» ASSIGNED TASK:
Starting at the line containing "#101=FACE_BOUND('',#100,.T.);" and ending at the line containing "#109=ORIENTED_EDGE('',*,*,#108,.F.);", print every line of the material below exactly, both ends included, and stop there.

RECORD EXCERPTS: Begin

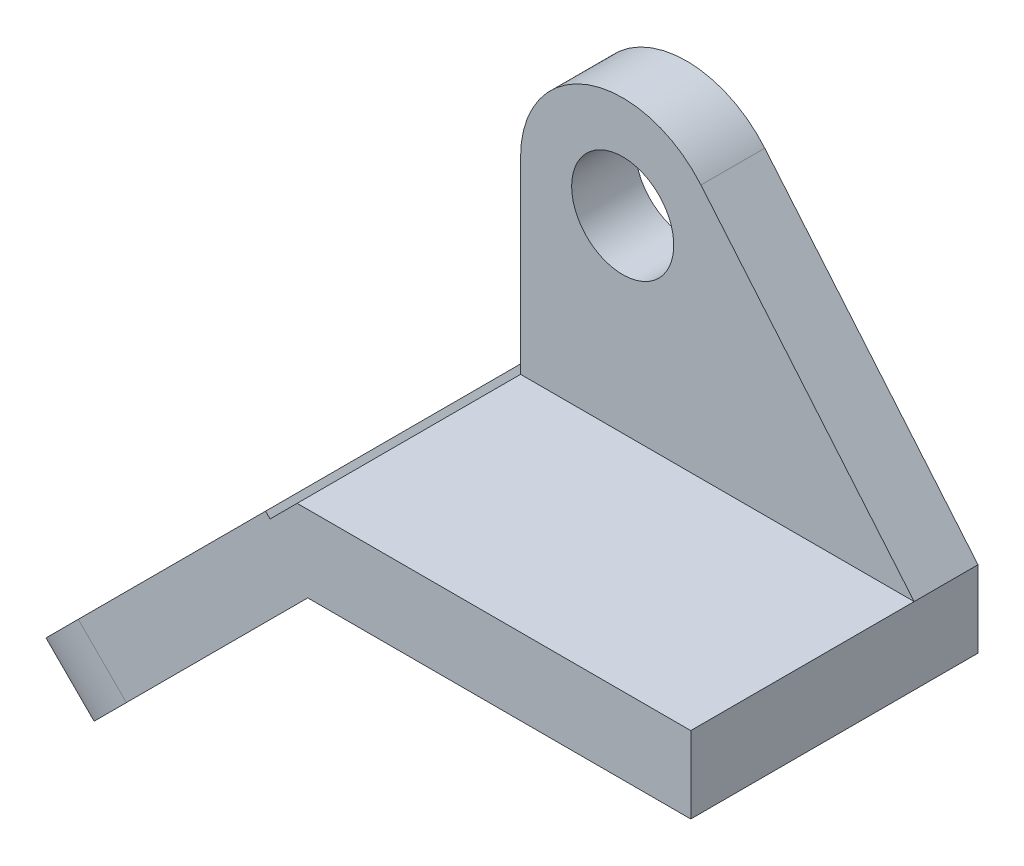
ISO-10303-21;
HEADER;
FILE_DESCRIPTION(('STEP AP214'),'2;1');
FILE_NAME('part.step','',(''),(''),'','','');
FILE_SCHEMA(('AUTOMOTIVE_DESIGN { 1 0 10303 214 1 1 1 1 }'));
ENDSEC;
DATA;
#1=APPLICATION_CONTEXT('core data for automotive mechanical design processes');
#2=APPLICATION_PROTOCOL_DEFINITION('international standard','automotive_design',2000,#1);
#3=PRODUCT_CONTEXT('',#1,'mechanical');
#4=PRODUCT('Part','Part','',(#3));
#5=PRODUCT_RELATED_PRODUCT_CATEGORY('part','',(#4));
#6=PRODUCT_DEFINITION_FORMATION('','',#4);
#7=PRODUCT_DEFINITION_CONTEXT('part definition',#1,'design');
#8=PRODUCT_DEFINITION('design','',#6,#7);
#9=PRODUCT_DEFINITION_SHAPE('','',#8);
#10=(LENGTH_UNIT() NAMED_UNIT(*) SI_UNIT(.MILLI.,.METRE.));
#11=(NAMED_UNIT(*) PLANE_ANGLE_UNIT() SI_UNIT($,.RADIAN.));
#12=(NAMED_UNIT(*) SI_UNIT($,.STERADIAN.) SOLID_ANGLE_UNIT());
#13=UNCERTAINTY_MEASURE_WITH_UNIT(LENGTH_MEASURE(1.E-05),#10,'distance_accuracy_value','');
#14=(GEOMETRIC_REPRESENTATION_CONTEXT(3) GLOBAL_UNCERTAINTY_ASSIGNED_CONTEXT((#13)) GLOBAL_UNIT_ASSIGNED_CONTEXT((#10,
#11,#12)) REPRESENTATION_CONTEXT('',''));
#15=CARTESIAN_POINT('',(0.,0.,0.));
#16=DIRECTION('',(0.,0.,1.));
#17=DIRECTION('',(1.,0.,0.));
#18=AXIS2_PLACEMENT_3D('',#15,#16,#17);
#19=CARTESIAN_POINT('',(-35.9507429885581,-20.8754143047335,22.5));
#20=DIRECTION('',(0.707106781186549,-0.707106781186546,0.));
#21=DIRECTION('',(0.707106781186546,0.707106781186549,0.));
#22=AXIS2_PLACEMENT_3D('',#19,#20,#21);
#23=CYLINDRICAL_SURFACE('',#22,22.5);
#24=DIRECTION('',(0.707106781186549,-0.707106781186546,0.));
#25=VECTOR('',#24,1.);
#26=CARTESIAN_POINT('',(-28.4130786466457,-28.4130786466459,45.));
#27=LINE('',#26,#25);
#28=CARTESIAN_POINT('',(-35.9507429885581,-20.8754143047335,45.));
#29=VERTEX_POINT('',#28);
#30=CARTESIAN_POINT('',(-28.4130786466458,-28.4130786466458,45.));
#31=VERTEX_POINT('',#30);
#32=EDGE_CURVE('E174',#29,#31,#27,.T.);
#33=ORIENTED_EDGE('',*,*,#32,.F.);
#34=CARTESIAN_POINT('',(-35.9507429885581,-20.8754143047335,22.5));
#35=DIRECTION('',(0.707106781186549,-0.707106781186546,0.));
#36=DIRECTION('',(0.707106781186546,0.707106781186549,0.));
#37=AXIS2_PLACEMENT_3D('',#34,#35,#36);
#38=CIRCLE('',#37,22.5);
#39=CARTESIAN_POINT('',(-35.9507429885581,-20.8754143047335,0.));
#40=VERTEX_POINT('',#39);
#41=EDGE_CURVE('E169',#40,#29,#38,.F.);
#42=ORIENTED_EDGE('',*,*,#41,.F.);
#43=DIRECTION('',(-0.707106781186549,0.707106781186546,0.));
#44=VECTOR('',#43,1.);
#45=CARTESIAN_POINT('',(-35.9507429885581,-20.8754143047335,0.));
#46=LINE('',#45,#44);
#47=CARTESIAN_POINT('',(-28.4130786466458,-28.4130786466458,0.));
#48=VERTEX_POINT('',#47);
#49=EDGE_CURVE('E171',#48,#40,#46,.T.);
#50=ORIENTED_EDGE('',*,*,#49,.F.);
#51=CARTESIAN_POINT('',(-28.4130786466457,-28.4130786466458,22.5));
#52=DIRECTION('',(-0.707106781186548,0.707106781186546,0.));
#53=DIRECTION('',(-0.707106781186547,-0.707106781186549,0.));
#54=AXIS2_PLACEMENT_3D('',#51,#52,#53);
#55=CIRCLE('',#54,22.5);
#56=EDGE_CURVE('E152',#31,#48,#55,.F.);
#57=ORIENTED_EDGE('',*,*,#56,.F.);
#58=EDGE_LOOP('',(#33,#42,#50,#57));
#59=FACE_BOUND('',#58,.T.);
#60=ADVANCED_FACE('F43',(#59),#23,.T.);
#61=CARTESIAN_POINT('',(0.,0.,45.));
#62=DIRECTION('',(-0.707106781186548,0.707106781186546,0.));
#63=DIRECTION('',(-0.707106781186547,-0.707106781186549,0.));
#64=AXIS2_PLACEMENT_3D('',#61,#62,#63);
#65=PLANE('',#64);
#66=DIRECTION('',(-0.707106781186547,-0.707106781186549,0.));
#67=VECTOR('',#66,1.);
#68=CARTESIAN_POINT('',(0.,0.,30.5));
#69=LINE('',#68,#67);
#70=CARTESIAN_POINT('',(-14.2709430229148,-14.2709430229149,30.5));
#71=VERTEX_POINT('',#70);
#72=CARTESIAN_POINT('',(-28.4130786466458,-28.4130786466458,30.5));
#73=VERTEX_POINT('',#72);
#74=EDGE_CURVE('E263',#71,#73,#69,.T.);
#75=ORIENTED_EDGE('',*,*,#74,.F.);
#76=CARTESIAN_POINT('',(-14.2709430229148,-14.2709430229149,22.5));
#77=DIRECTION('',(-0.707106781186548,0.707106781186546,0.));
#78=DIRECTION('',(-0.707106781186547,-0.707106781186549,0.));
#79=AXIS2_PLACEMENT_3D('',#76,#77,#78);
#80=CIRCLE('',#79,8.);
#81=CARTESIAN_POINT('',(-14.2709430229148,-14.2709430229149,14.5));
#82=VERTEX_POINT('',#81);
#83=EDGE_CURVE('E258',#71,#82,#80,.T.);
#84=ORIENTED_EDGE('',*,*,#83,.T.);
#85=DIRECTION('',(-0.707106781186547,-0.707106781186549,0.));
#86=VECTOR('',#85,1.);
#87=CARTESIAN_POINT('',(0.,0.,14.5));
#88=LINE('',#87,#86);
#89=CARTESIAN_POINT('',(-28.4130786466458,-28.4130786466458,14.5));
#90=VERTEX_POINT('',#89);
#91=EDGE_CURVE('E266',#82,#90,#88,.T.);
#92=ORIENTED_EDGE('',*,*,#91,.T.);
#93=CARTESIAN_POINT('',(-28.4130786466458,-28.4130786466458,22.5));
#94=DIRECTION('',(-0.707106781186548,0.707106781186546,0.));
#95=DIRECTION('',(-0.707106781186547,-0.707106781186549,0.));
#96=AXIS2_PLACEMENT_3D('',#93,#94,#95);
#97=CIRCLE('',#96,8.00000000000001);
#98=EDGE_CURVE('E159',#90,#73,#97,.T.);
#99=ORIENTED_EDGE('',*,*,#98,.T.);
#100=EDGE_LOOP('',(#75,#84,#92,#99));
#101=FACE_BOUND('',#100,.T.);
#102=DIRECTION('',(0.707106781186547,0.707106781186549,0.));
#103=VECTOR('',#102,1.);
#104=CARTESIAN_POINT('',(0.,0.,45.));
#105=LINE('',#104,#103);
#106=CARTESIAN_POINT('',(0.,0.,45.));
#107=VERTEX_POINT('',#106);
#108=EDGE_CURVE('E199',#31,#107,#105,.T.);
#109=ORIENTED_EDGE('',*,*,#108,.F.);
#110=ORIENTED_EDGE('',*,*,#56,.T.);
#111=DIRECTION('',(0.707106781186547,0.707106781186549,0.));
#112=VECTOR('',#111,1.);
#113=CARTESIAN_POINT('',(0.,0.,0.));
#114=LINE('',#113,#112);
#115=CARTESIAN_POINT('',(0.,0.,0.));
#116=VERTEX_POINT('',#115);
#117=EDGE_CURVE('E209',#48,#116,#114,.T.);
#118=ORIENTED_EDGE('',*,*,#117,.T.);
#119=DIRECTION('',(0.,0.,-1.));
#120=VECTOR('',#119,1.);
#121=CARTESIAN_POINT('',(0.,0.,45.));
#122=LINE('',#121,#120);
#123=EDGE_CURVE('E177',#107,#116,#122,.T.);
#124=ORIENTED_EDGE('',*,*,#123,.F.);
#125=EDGE_LOOP('',(#109,#110,#118,#124));
#126=FACE_BOUND('',#125,.T.);
#127=ADVANCED_FACE('F279',(#101,#126),#65,.F.);
#128=CARTESIAN_POINT('',(0.,0.,45.));
#129=DIRECTION('',(0.,1.,0.));
#130=DIRECTION('',(0.,0.,1.));
#131=AXIS2_PLACEMENT_3D('',#128,#129,#130);
#132=PLANE('',#131);
#133=DIRECTION('',(1.,0.,0.));
#134=VECTOR('',#133,1.);
#135=CARTESIAN_POINT('',(0.,0.,0.));
#136=LINE('',#135,#134);
#137=CARTESIAN_POINT('',(60.,0.,0.));
#138=VERTEX_POINT('',#137);
#139=EDGE_CURVE('E207',#116,#138,#136,.T.);
#140=ORIENTED_EDGE('',*,*,#139,.T.);
#141=DIRECTION('',(0.,0.,-1.));
#142=VECTOR('',#141,1.);
#143=CARTESIAN_POINT('',(60.,0.,45.));
#144=LINE('',#143,#142);
#145=CARTESIAN_POINT('',(60.,0.,45.));
#146=VERTEX_POINT('',#145);
#147=EDGE_CURVE('E180',#146,#138,#144,.T.);
#148=ORIENTED_EDGE('',*,*,#147,.F.);
#149=DIRECTION('',(1.,0.,0.));
#150=VECTOR('',#149,1.);
#151=CARTESIAN_POINT('',(0.,0.,45.));
#152=LINE('',#151,#150);
#153=EDGE_CURVE('E222',#107,#146,#152,.T.);
#154=ORIENTED_EDGE('',*,*,#153,.F.);
#155=ORIENTED_EDGE('',*,*,#123,.T.);
#156=EDGE_LOOP('',(#140,#148,#154,#155));
#157=FACE_BOUND('',#156,.T.);
#158=ADVANCED_FACE('F282',(#157),#132,.F.);
#159=CARTESIAN_POINT('',(60.,0.,45.));
#160=DIRECTION('',(-1.,0.,0.));
#161=DIRECTION('',(0.,-1.,0.));
#162=AXIS2_PLACEMENT_3D('',#159,#160,#161);
#163=PLANE('',#162);
#164=DIRECTION('',(0.,1.,0.));
#165=VECTOR('',#164,1.);
#166=CARTESIAN_POINT('',(60.,0.,0.));
#167=LINE('',#166,#165);
#168=CARTESIAN_POINT('',(60.,12.,0.));
#169=VERTEX_POINT('',#168);
#170=EDGE_CURVE('E204',#138,#169,#167,.T.);
#171=ORIENTED_EDGE('',*,*,#170,.T.);
#172=DIRECTION('',(0.,0.,-1.));
#173=VECTOR('',#172,1.);
#174=CARTESIAN_POINT('',(60.,12.,10.));
#175=LINE('',#174,#173);
#176=CARTESIAN_POINT('',(60.,12.,10.));
#177=VERTEX_POINT('',#176);
#178=EDGE_CURVE('E211',#177,#169,#175,.T.);
#179=ORIENTED_EDGE('',*,*,#178,.F.);
#180=DIRECTION('',(0.,0.,-1.));
#181=VECTOR('',#180,1.);
#182=CARTESIAN_POINT('',(60.,12.,45.));
#183=LINE('',#182,#181);
#184=CARTESIAN_POINT('',(60.,12.,45.));
#185=VERTEX_POINT('',#184);
#186=EDGE_CURVE('E183',#185,#177,#183,.T.);
#187=ORIENTED_EDGE('',*,*,#186,.F.);
#188=DIRECTION('',(0.,1.,0.));
#189=VECTOR('',#188,1.);
#190=CARTESIAN_POINT('',(60.,0.,45.));
#191=LINE('',#190,#189);
#192=EDGE_CURVE('E220',#146,#185,#191,.T.);
#193=ORIENTED_EDGE('',*,*,#192,.F.);
#194=ORIENTED_EDGE('',*,*,#147,.T.);
#195=EDGE_LOOP('',(#171,#179,#187,#193,#194));
#196=FACE_BOUND('',#195,.T.);
#197=ADVANCED_FACE('F297',(#196),#163,.F.);
#198=CARTESIAN_POINT('',(60.,12.,45.));
#199=DIRECTION('',(0.,-1.,0.));
#200=DIRECTION('',(1.,0.,0.));
#201=AXIS2_PLACEMENT_3D('',#198,#199,#200);
#202=PLANE('',#201);
#203=ORIENTED_EDGE('',*,*,#186,.T.);
#204=DIRECTION('',(-1.,0.,0.));
#205=VECTOR('',#204,1.);
#206=CARTESIAN_POINT('',(60.,12.,10.));
#207=LINE('',#206,#205);
#208=CARTESIAN_POINT('',(-1.66111512145166,12.,10.));
#209=VERTEX_POINT('',#208);
#210=EDGE_CURVE('E237',#177,#209,#207,.T.);
#211=ORIENTED_EDGE('',*,*,#210,.T.);
#212=DIRECTION('',(0.,0.,-1.));
#213=VECTOR('',#212,1.);
#214=CARTESIAN_POINT('',(-1.66111512145166,12.,45.));
#215=LINE('',#214,#213);
#216=CARTESIAN_POINT('',(-1.66111512145166,12.,45.));
#217=VERTEX_POINT('',#216);
#218=EDGE_CURVE('E186',#217,#209,#215,.T.);
#219=ORIENTED_EDGE('',*,*,#218,.F.);
#220=DIRECTION('',(-1.,0.,0.));
#221=VECTOR('',#220,1.);
#222=CARTESIAN_POINT('',(60.,12.,45.));
#223=LINE('',#222,#221);
#224=EDGE_CURVE('E218',#185,#217,#223,.T.);
#225=ORIENTED_EDGE('',*,*,#224,.F.);
#226=EDGE_LOOP('',(#203,#211,#219,#225));
#227=FACE_BOUND('',#226,.T.);
#228=ADVANCED_FACE('F304',(#227),#202,.F.);
#229=CARTESIAN_POINT('',(-1.66111512145166,12.,45.));
#230=DIRECTION('',(0.707106781186548,-0.707106781186546,0.));
#231=DIRECTION('',(0.707106781186546,0.707106781186549,0.));
#232=AXIS2_PLACEMENT_3D('',#229,#230,#231);
#233=PLANE('',#232);
#234=DIRECTION('',(-0.707106781186546,-0.707106781186548,0.));
#235=VECTOR('',#234,1.);
#236=CARTESIAN_POINT('',(-1.66111512145166,12.,0.));
#237=LINE('',#236,#235);
#238=CARTESIAN_POINT('',(-1.66111512145166,12.,0.));
#239=VERTEX_POINT('',#238);
#240=CARTESIAN_POINT('',(-5.90375580857094,7.7573593128807,0.));
#241=VERTEX_POINT('',#240);
#242=EDGE_CURVE('E202',#239,#241,#237,.T.);
#243=ORIENTED_EDGE('',*,*,#242,.T.);
#244=DIRECTION('',(0.,0.,-1.));
#245=VECTOR('',#244,1.);
#246=CARTESIAN_POINT('',(-5.90375580857094,7.7573593128807,45.));
#247=LINE('',#246,#245);
#248=CARTESIAN_POINT('',(-5.90375580857094,7.7573593128807,45.));
#249=VERTEX_POINT('',#248);
#250=EDGE_CURVE('E189',#249,#241,#247,.T.);
#251=ORIENTED_EDGE('',*,*,#250,.F.);
#252=DIRECTION('',(-0.707106781186546,-0.707106781186548,0.));
#253=VECTOR('',#252,1.);
#254=CARTESIAN_POINT('',(-1.66111512145166,12.,45.));
#255=LINE('',#254,#253);
#256=EDGE_CURVE('E216',#217,#249,#255,.T.);
#257=ORIENTED_EDGE('',*,*,#256,.F.);
#258=ORIENTED_EDGE('',*,*,#218,.T.);
#259=DIRECTION('',(0.,0.,-1.));
#260=VECTOR('',#259,1.);
#261=CARTESIAN_POINT('',(-1.66111512145166,12.,10.));
#262=LINE('',#261,#260);
#263=EDGE_CURVE('E225',#209,#239,#262,.T.);
#264=ORIENTED_EDGE('',*,*,#263,.T.);
#265=EDGE_LOOP('',(#243,#251,#257,#258,#264));
#266=FACE_BOUND('',#265,.T.);
#267=ADVANCED_FACE('F306',(#266),#233,.F.);
#268=CARTESIAN_POINT('',(-5.90375580857094,7.7573593128807,45.));
#269=DIRECTION('',(-0.707106781186546,-0.707106781186549,0.));
#270=DIRECTION('',(0.707106781186549,-0.707106781186546,0.));
#271=AXIS2_PLACEMENT_3D('',#268,#269,#270);
#272=PLANE('',#271);
#273=DIRECTION('',(-0.707106781186549,0.707106781186546,0.));
#274=VECTOR('',#273,1.);
#275=CARTESIAN_POINT('',(-5.90375580857094,7.7573593128807,0.));
#276=LINE('',#275,#274);
#277=CARTESIAN_POINT('',(-6.61086258975749,8.46446609406725,0.));
#278=VERTEX_POINT('',#277);
#279=EDGE_CURVE('E200',#241,#278,#276,.T.);
#280=ORIENTED_EDGE('',*,*,#279,.T.);
#281=DIRECTION('',(0.,0.,-1.));
#282=VECTOR('',#281,1.);
#283=CARTESIAN_POINT('',(-6.61086258975749,8.46446609406725,45.));
#284=LINE('',#283,#282);
#285=CARTESIAN_POINT('',(-6.61086258975749,8.46446609406725,45.));
#286=VERTEX_POINT('',#285);
#287=EDGE_CURVE('E192',#286,#278,#284,.T.);
#288=ORIENTED_EDGE('',*,*,#287,.F.);
#289=DIRECTION('',(-0.707106781186549,0.707106781186546,0.));
#290=VECTOR('',#289,1.);
#291=CARTESIAN_POINT('',(-5.90375580857094,7.7573593128807,45.));
#292=LINE('',#291,#290);
#293=EDGE_CURVE('E214',#249,#286,#292,.T.);
#294=ORIENTED_EDGE('',*,*,#293,.F.);
#295=ORIENTED_EDGE('',*,*,#250,.T.);
#296=EDGE_LOOP('',(#280,#288,#294,#295));
#297=FACE_BOUND('',#296,.T.);
#298=ADVANCED_FACE('F312',(#297),#272,.F.);
#299=CARTESIAN_POINT('',(-6.61086258975749,8.46446609406725,45.));
#300=DIRECTION('',(0.707106781186549,-0.707106781186546,0.));
#301=DIRECTION('',(0.707106781186546,0.707106781186549,0.));
#302=AXIS2_PLACEMENT_3D('',#299,#300,#301);
#303=PLANE('',#302);
#304=DIRECTION('',(0.707106781186546,0.707106781186549,0.));
#305=VECTOR('',#304,1.);
#306=CARTESIAN_POINT('',(-6.61086258975748,8.46446609406725,14.5));
#307=LINE('',#306,#305);
#308=CARTESIAN_POINT('',(-35.9507429885581,-20.8754143047335,14.5));
#309=VERTEX_POINT('',#308);
#310=CARTESIAN_POINT('',(-21.8086073648272,-6.73327868100252,14.5));
#311=VERTEX_POINT('',#310);
#312=EDGE_CURVE('E147',#309,#311,#307,.T.);
#313=ORIENTED_EDGE('',*,*,#312,.T.);
#314=CARTESIAN_POINT('',(-21.8086073648272,-6.73327868100251,22.5));
#315=DIRECTION('',(0.707106781186549,-0.707106781186546,0.));
#316=DIRECTION('',(0.707106781186546,0.707106781186549,0.));
#317=AXIS2_PLACEMENT_3D('',#314,#315,#316);
#318=CIRCLE('',#317,8.);
#319=CARTESIAN_POINT('',(-21.8086073648272,-6.73327868100252,30.5));
#320=VERTEX_POINT('',#319);
#321=EDGE_CURVE('E11',#311,#320,#318,.T.);
#322=ORIENTED_EDGE('',*,*,#321,.T.);
#323=DIRECTION('',(0.707106781186546,0.707106781186549,0.));
#324=VECTOR('',#323,1.);
#325=CARTESIAN_POINT('',(-6.61086258975749,8.46446609406724,30.5));
#326=LINE('',#325,#324);
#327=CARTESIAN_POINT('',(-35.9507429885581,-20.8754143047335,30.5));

RECORD EXCERPTS: End

» REPLY:
#101=FACE_BOUND('',#100,.T.);
#102=DIRECTION('',(0.707106781186547,0.707106781186549,0.));
#103=VECTOR('',#102,1.);
#104=CARTESIAN_POINT('',(0.,0.,45.));
#105=LINE('',#104,#103);
#106=CARTESIAN_POINT('',(0.,0.,45.));
#107=VERTEX_POINT('',#106);
#108=EDGE_CURVE('E199',#31,#107,#105,.T.);
#109=ORIENTED_EDGE('',*,*,#108,.F.);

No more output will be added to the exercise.